====== Material for the task ======
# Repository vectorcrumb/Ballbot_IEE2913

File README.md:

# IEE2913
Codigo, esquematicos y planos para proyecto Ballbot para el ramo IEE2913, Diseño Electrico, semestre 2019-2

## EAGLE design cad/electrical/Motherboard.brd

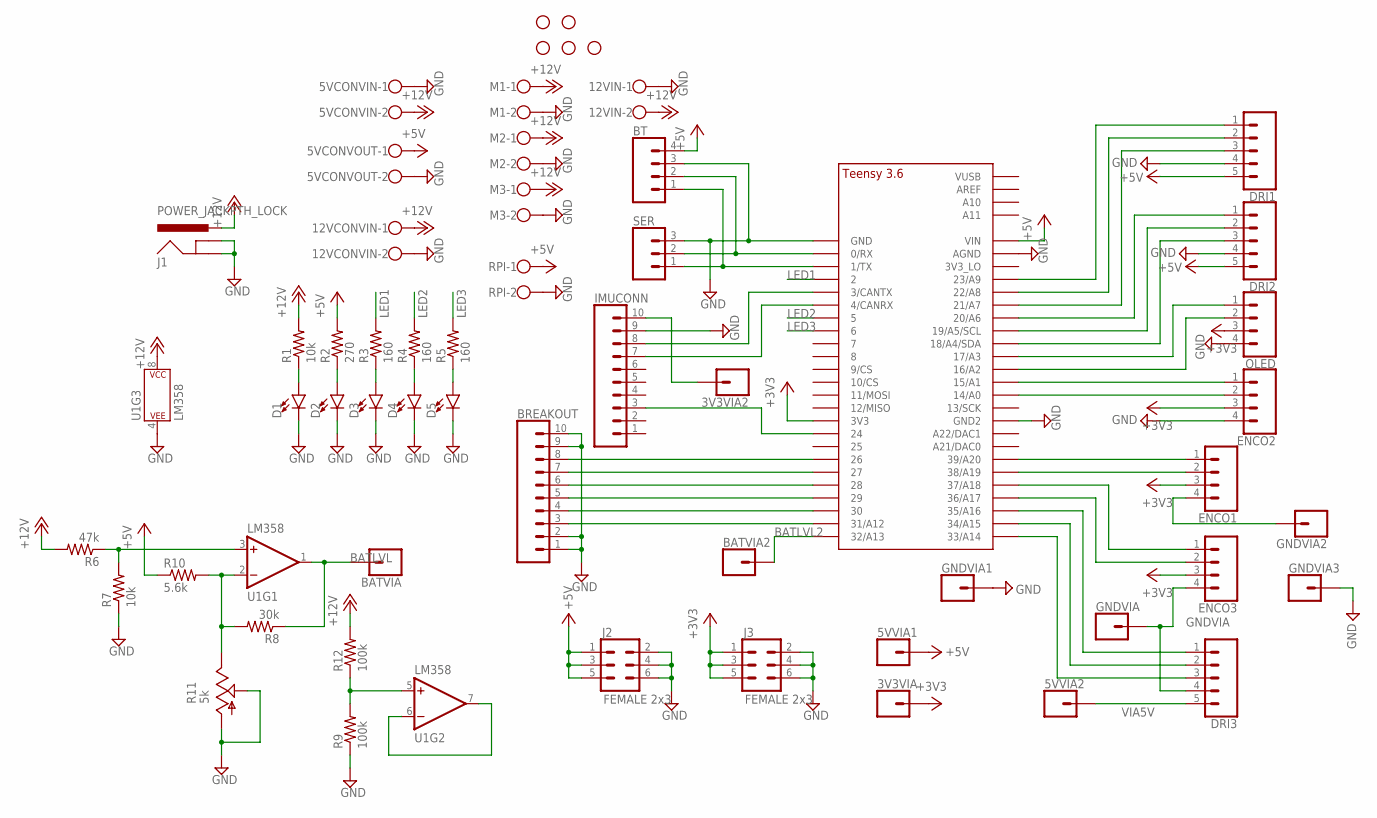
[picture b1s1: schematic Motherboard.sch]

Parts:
3V3VIA, 3V3VIA2, 5VVIA1, 5VVIA2: CONN_01; 1X01
5VCONVIN, 5VCONVOUT, 12VCONVIN, 12VIN: W237-102
BATVIA, BATVIA2: CONN_01; 1X01
BREAKOUT: CONN_10LOCK; 1X10_LOCK
BT: CONN_04LOCK; 1X04_LOCK
D1, D2, D3, D4, D5: LED5MM-KIT; LED_5MM-KIT
DRI1, DRI2, DRI3: CONN_05LOCK; 1X05_LOCK
ENCO1, ENCO2, ENCO3: CONN_04LOCK; 1X04_LOCK
GNDVIA, GNDVIA1, GNDVIA2, GNDVIA3: CONN_01; 1X01
H1, H2, H4, H5, H6: STAND-OFF
IMUCONN: CONN_10LOCK; 1X10_LOCK
J1: POWER_JACKPTH_LOCK; POWER_JACK_PTH_LOCK
J2, J3: FEMALE 2x3; 2X3
M1, M2, M3: W237-102
OLED: CONN_04LOCK; 1X04_LOCK
R1, R7: 10k; 0207/10
R2: 270; 0207/10
R3, R4, R5: 160; 0207/10
R6: 47k; 0207/10
R8: 30k; 0207/10
R9, R12: 100k; 0207/10
R10: 5.6k; 0207/10
R11: 5k; B25P
RPI: W237-102
SER: CONN_03LOCK; 1X03_LOCK
U1: LM358; DIP08
U$1: TEENSY_3.5/3.6_BASIC

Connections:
+3V3: 3V3VIA.1, ENCO1.3, ENCO2.3, ENCO3.3, J3.1, J3.3, J3.5, OLED.3, U$1.3V3
+5V: 5VCONVOUT.1, 5VVIA1.1, BT.4, DRI1.5, DRI2.5, J2.1, J2.3, J2.5, R2.2, R10.1, RPI.1, U$1.VIN
+12V: 5VCONVIN.2, 12VCONVIN.1, 12VIN.2, J1.PWR, M1.1, M2.1, M3.1, R1.2, R6.2, R12.2, U1.8 (P$V+)
BATLVL: BATVIA.1, R8.1, U1.1 (OUT)
BATLVL2: BATVIA2.1, U$1.32/A13
GND: 5VCONVIN.1, 5VCONVOUT.2, 12VCONVIN.2, 12VIN.1, BREAKOUT.1, BREAKOUT.2, BREAKOUT.9, BREAKOUT.10, BT.3, D1.K (C), D2.K (C), D3.K (C), D4.K (C), D5.K (C), DRI1.4, DRI2.4, ENCO2.4, GNDVIA1.1, GNDVIA3.1, IMUCONN.9, J1.GND, J1.GNDBREAK, J2.2, J2.4, J2.6, J3.2, J3.4, J3.6, M1.2, M2.2, M3.2, OLED.4, R7.1, R9.1, R11.A, R11.S, RPI.2, SER.3, U1.4 (P$V-), U$1.AGND, U$1.GND, U$1.GND2
GNDVIA: DRI3.4, ENCO3.4, GNDVIA.1
LED1: R3.2, U$1.2
LED2: R4.2, U$1.5
LED3: R5.2, U$1.6
unnamed: DRI1.1, U$1.23/A9
unnamed: DRI1.2, U$1.22/A8
unnamed: DRI1.3, U$1.21/A7
unnamed: DRI2.3, U$1.18/A4/SDA
unnamed: DRI2.2, U$1.19/A5/SCL
unnamed: DRI2.1, U$1.20/A6
unnamed: ENCO2.1, U$1.15/A1
unnamed: ENCO2.2, U$1.14/A0
unnamed: ENCO1.1, U$1.39/A20
unnamed: ENCO1.2, U$1.38/A19
unnamed: ENCO3.1, U$1.37/A18
unnamed: ENCO3.2, U$1.36/A17
unnamed: DRI3.1, U$1.35/A16
unnamed: DRI3.2, U$1.34/A15
unnamed: DRI3.3, U$1.33/A14
unnamed: BT.1, SER.1, U$1.1/TX
unnamed: BT.2, SER.2, U$1.0/RX
unnamed: IMUCONN.8, U$1.3/CANTX
unnamed: IMUCONN.7, U$1.4/CANRX
unnamed: IMUCONN.3, U$1.24
unnamed: R9.2, R12.1, U1.5 (+IN)
unnamed: BREAKOUT.3, U$1.31/A12
unnamed: BREAKOUT.4, U$1.30
unnamed: BREAKOUT.5, U$1.29
unnamed: BREAKOUT.6, U$1.28
unnamed: BREAKOUT.7, U$1.27
unnamed: BREAKOUT.8, U$1.26
unnamed: D2.A, R2.1
unnamed: D1.A, R1.1
unnamed: D3.A, R3.1
unnamed: D5.A, R5.1
unnamed: D4.A, R4.1
unnamed: 3V3VIA2.1, IMUCONN.10
unnamed: OLED.1, U$1.17/A3
unnamed: OLED.2, U$1.16/A2
unnamed: R6.1, R7.2, U1.3 (+IN)
unnamed: U1.6 (-IN), U1.7 (OUT)
unnamed: R8.2, R10.2, R11.E, U1.2 (-IN)
unnamed: ENCO1.4, GNDVIA2.1
VIA5V: 5VVIA2.1, DRI3.5

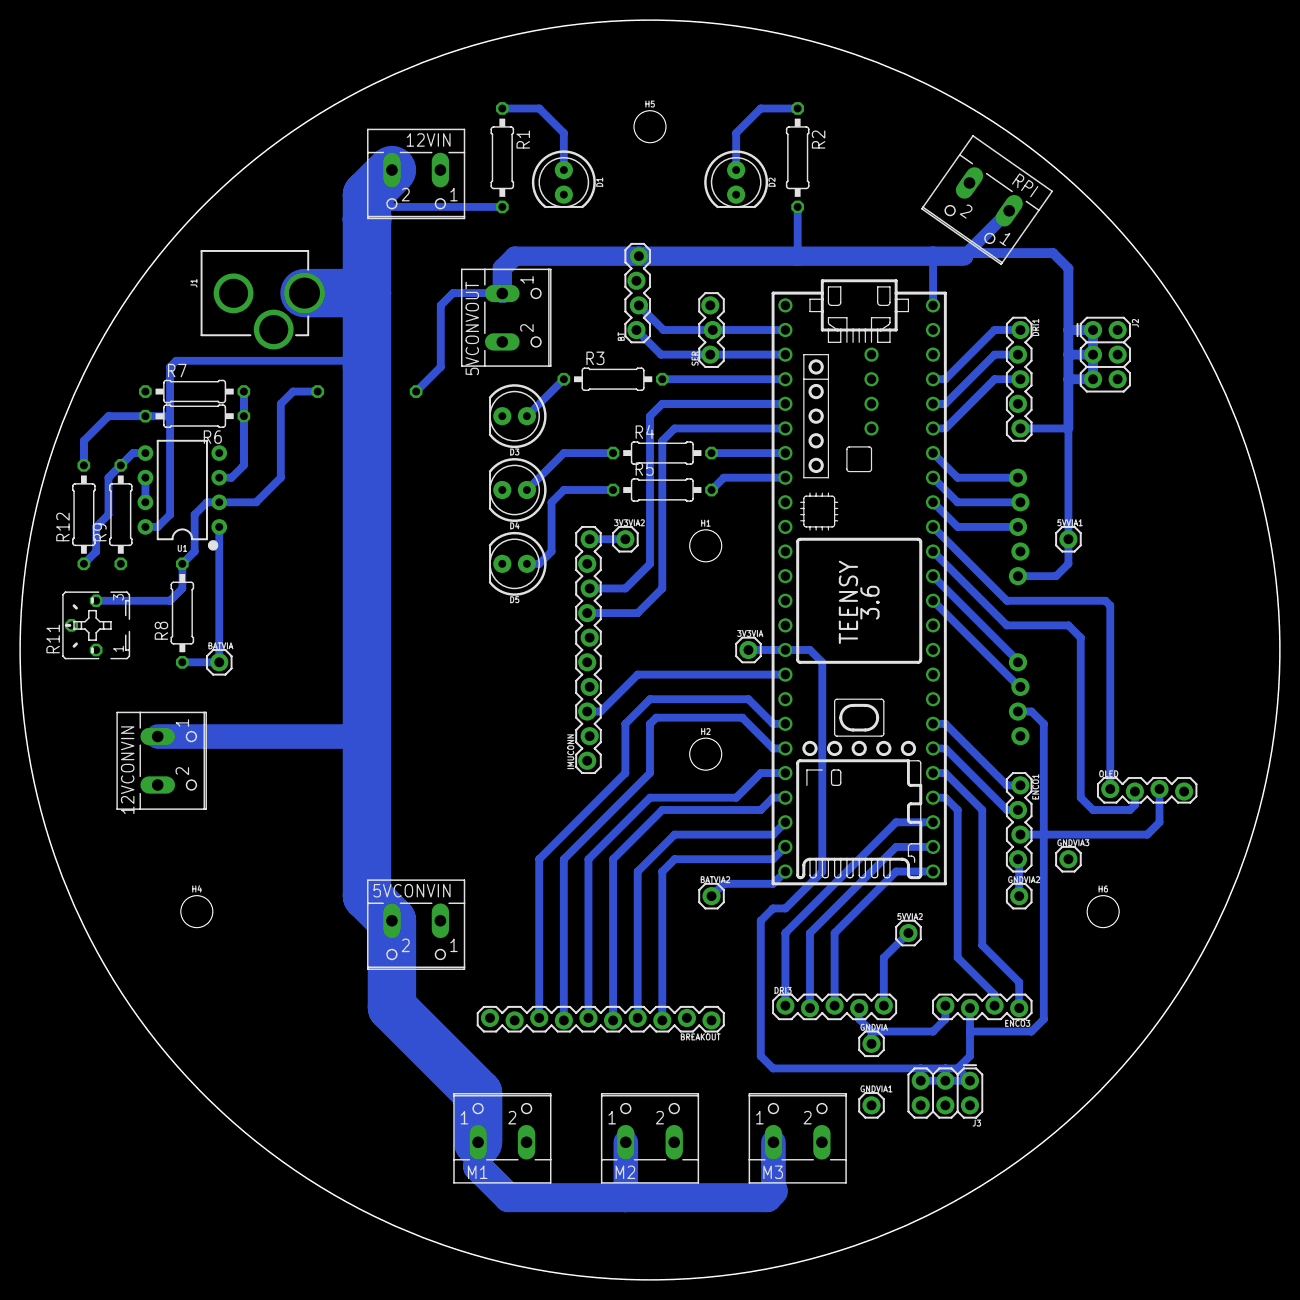
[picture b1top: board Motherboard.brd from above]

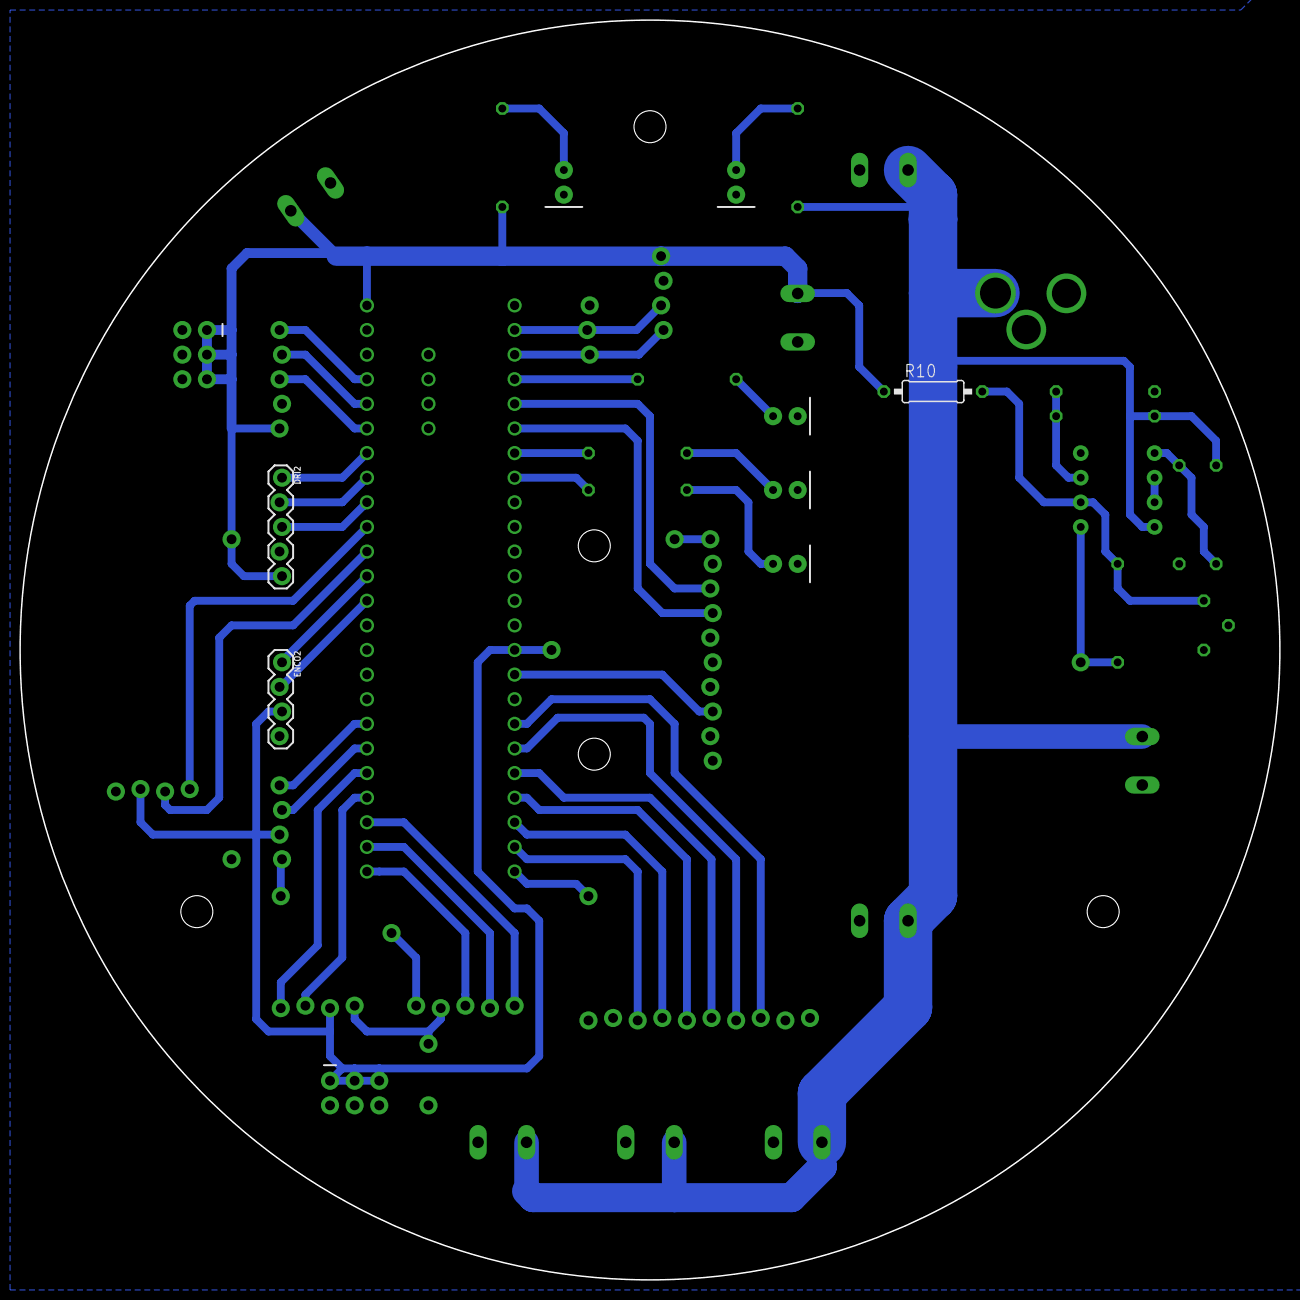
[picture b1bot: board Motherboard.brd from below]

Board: 2 copper layers, 130.0 x 130.0 mm, 56 parts (3 on the bottom side), 50 nets.

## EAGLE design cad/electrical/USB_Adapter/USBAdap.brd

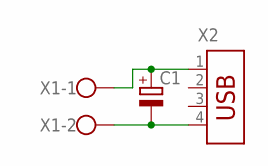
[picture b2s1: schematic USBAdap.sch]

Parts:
C1: CPOL-EUE5-8.5; E5-8,5
X1: W237-102
X2: USB-787616; USB

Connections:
unnamed: C1.+, X1.1, X2.1
unnamed: C1.-, X1.2, X2.4

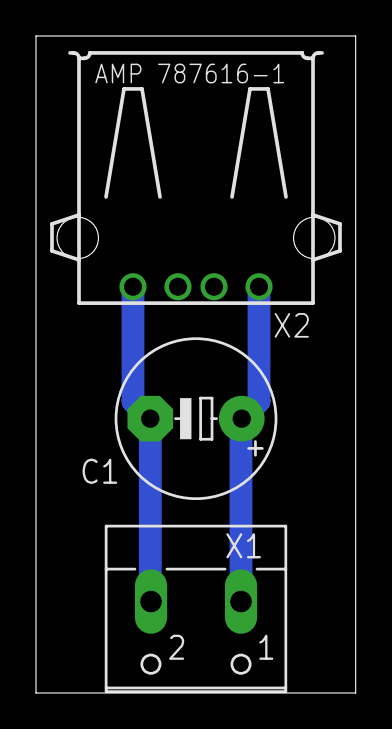
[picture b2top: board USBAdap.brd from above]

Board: 2 copper layers, 17.8 x 36.5 mm, 3 parts (0 on the bottom side), 2 nets.

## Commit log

2019-10-09 Added robot basic code and electrical CAD
2019-10-10 Imported robot code and electrical CAD
2019-10-11 Implemented MPU9250 w/Madgwick filter and OLED.
2019-10-12 Added more OLED funcionality. Modified pinout.
2019-10-12 Modded gitignore.
2019-10-12 Removed config files.
2019-10-12 Modded main, deleted makefile.
2019-10-12 Removed makefile commit, modded main.cpp.
2019-10-13 COdigo motores
2019-10-16 Added base web interface.
2019-11-03 Working plots on UI, added PJON lib, began refactoring
2019-11-03 Removed tracking on Makefile
2019-11-07 Complete robot code refactoring. Added TeensyDelay library. Still have to fix errors for TorqueMotor class.
2019-11-14 Added torque control motor.
2019-11-15 Fixed startup errors for rewrite.
2019-11-15 Fixing motor PID issues.
2019-11-15 Continued debugging. Found error in sensor reading
2019-12-03 Ultima entrega funcional
2019-12-03 Placed IMU in functions.
2019-12-03 PID lib
2019-12-04 Working PI not tuned
2019-12-09 PID tuning and torque sign
2019-12-11 11/Dic
2019-12-13 Nothing
2019-12-14 PID Torque funcionando.
2019-12-15 Reworked PID and stuff. Have to test.
2019-12-16 Fixed makefile
2019-12-16 Low pass filter
2019-12-17 Working current sensors. Motor PI wrong.
2019-12-17 Added eigen and moving average.
2019-12-18 LQR discrete constants
2019-12-18 Working PI controller on 3 motors.
2019-12-18 Reintegrated IMU. Variable offsets in readings.
2019-12-18 Added DMP library for test.
2019-12-18 Dropped DMP, added changes.
2019-12-18 Working IMU calibration
2019-12-19 Working robot code. Have to tune and add Kalman.
2019-12-19 Tuning LQR
2019-12-19 Version Presentacion Final.
2019-12-23 Working Kalman.
2022-06-21 Bump numpy from 1.16.4 to 1.22.0 in /code/app/web
    Bumps [numpy](https://github.com/numpy/numpy) from 1.16.4 to 1.22.0.
    - [Release notes](https://github.com/numpy/numpy/releases)
    - [Changelog](https://github.com/numpy/numpy/blob/main/doc/HOWTO_RELEASE.rst)
    - [Commits](https://github.com/numpy/numpy/compare/v1.16.4...v1.22.0)
    ---
    updated-dependencies:
2023-05-01 Bump flask from 1.0.2 to 2.3.2 in /code/app/web
    Bumps [flask](https://github.com/pallets/flask) from 1.0.2 to 2.3.2.
    - [Release notes](https://github.com/pallets/flask/releases)
    - [Changelog](https://github.com/pallets/flask/blob/main/CHANGES.rst)
    - [Commits](https://github.com/pallets/flask/compare/1.0.2...2.3.2)
    ---
    updated-dependencies:

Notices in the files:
parts and their libraries:
SparkFun-Hardware: Licensing: Creative Commons ShareAlike 4.0 International - https://creativecommons.org/licenses/by-sa/4.0
======
■ Your objective ■
The lines to extract from the data above begin with the line containing "SER: CONN_03LOCK; 1X03_LOCK" and end with the line containing "BATLVL2: BATVIA2.1, U$1.32/A13". Extract them exactly, including both.

■ Output of the task ■
SER: CONN_03LOCK; 1X03_LOCK
U1: LM358; DIP08
U$1: TEENSY_3.5/3.6_BASIC

Connections:
+3V3: 3V3VIA.1, ENCO1.3, ENCO2.3, ENCO3.3, J3.1, J3.3, J3.5, OLED.3, U$1.3V3
+5V: 5VCONVOUT.1, 5VVIA1.1, BT.4, DRI1.5, DRI2.5, J2.1, J2.3, J2.5, R2.2, R10.1, RPI.1, U$1.VIN
+12V: 5VCONVIN.2, 12VCONVIN.1, 12VIN.2, J1.PWR, M1.1, M2.1, M3.1, R1.2, R6.2, R12.2, U1.8 (P$V+)
BATLVL: BATVIA.1, R8.1, U1.1 (OUT)
BATLVL2: BATVIA2.1, U$1.32/A13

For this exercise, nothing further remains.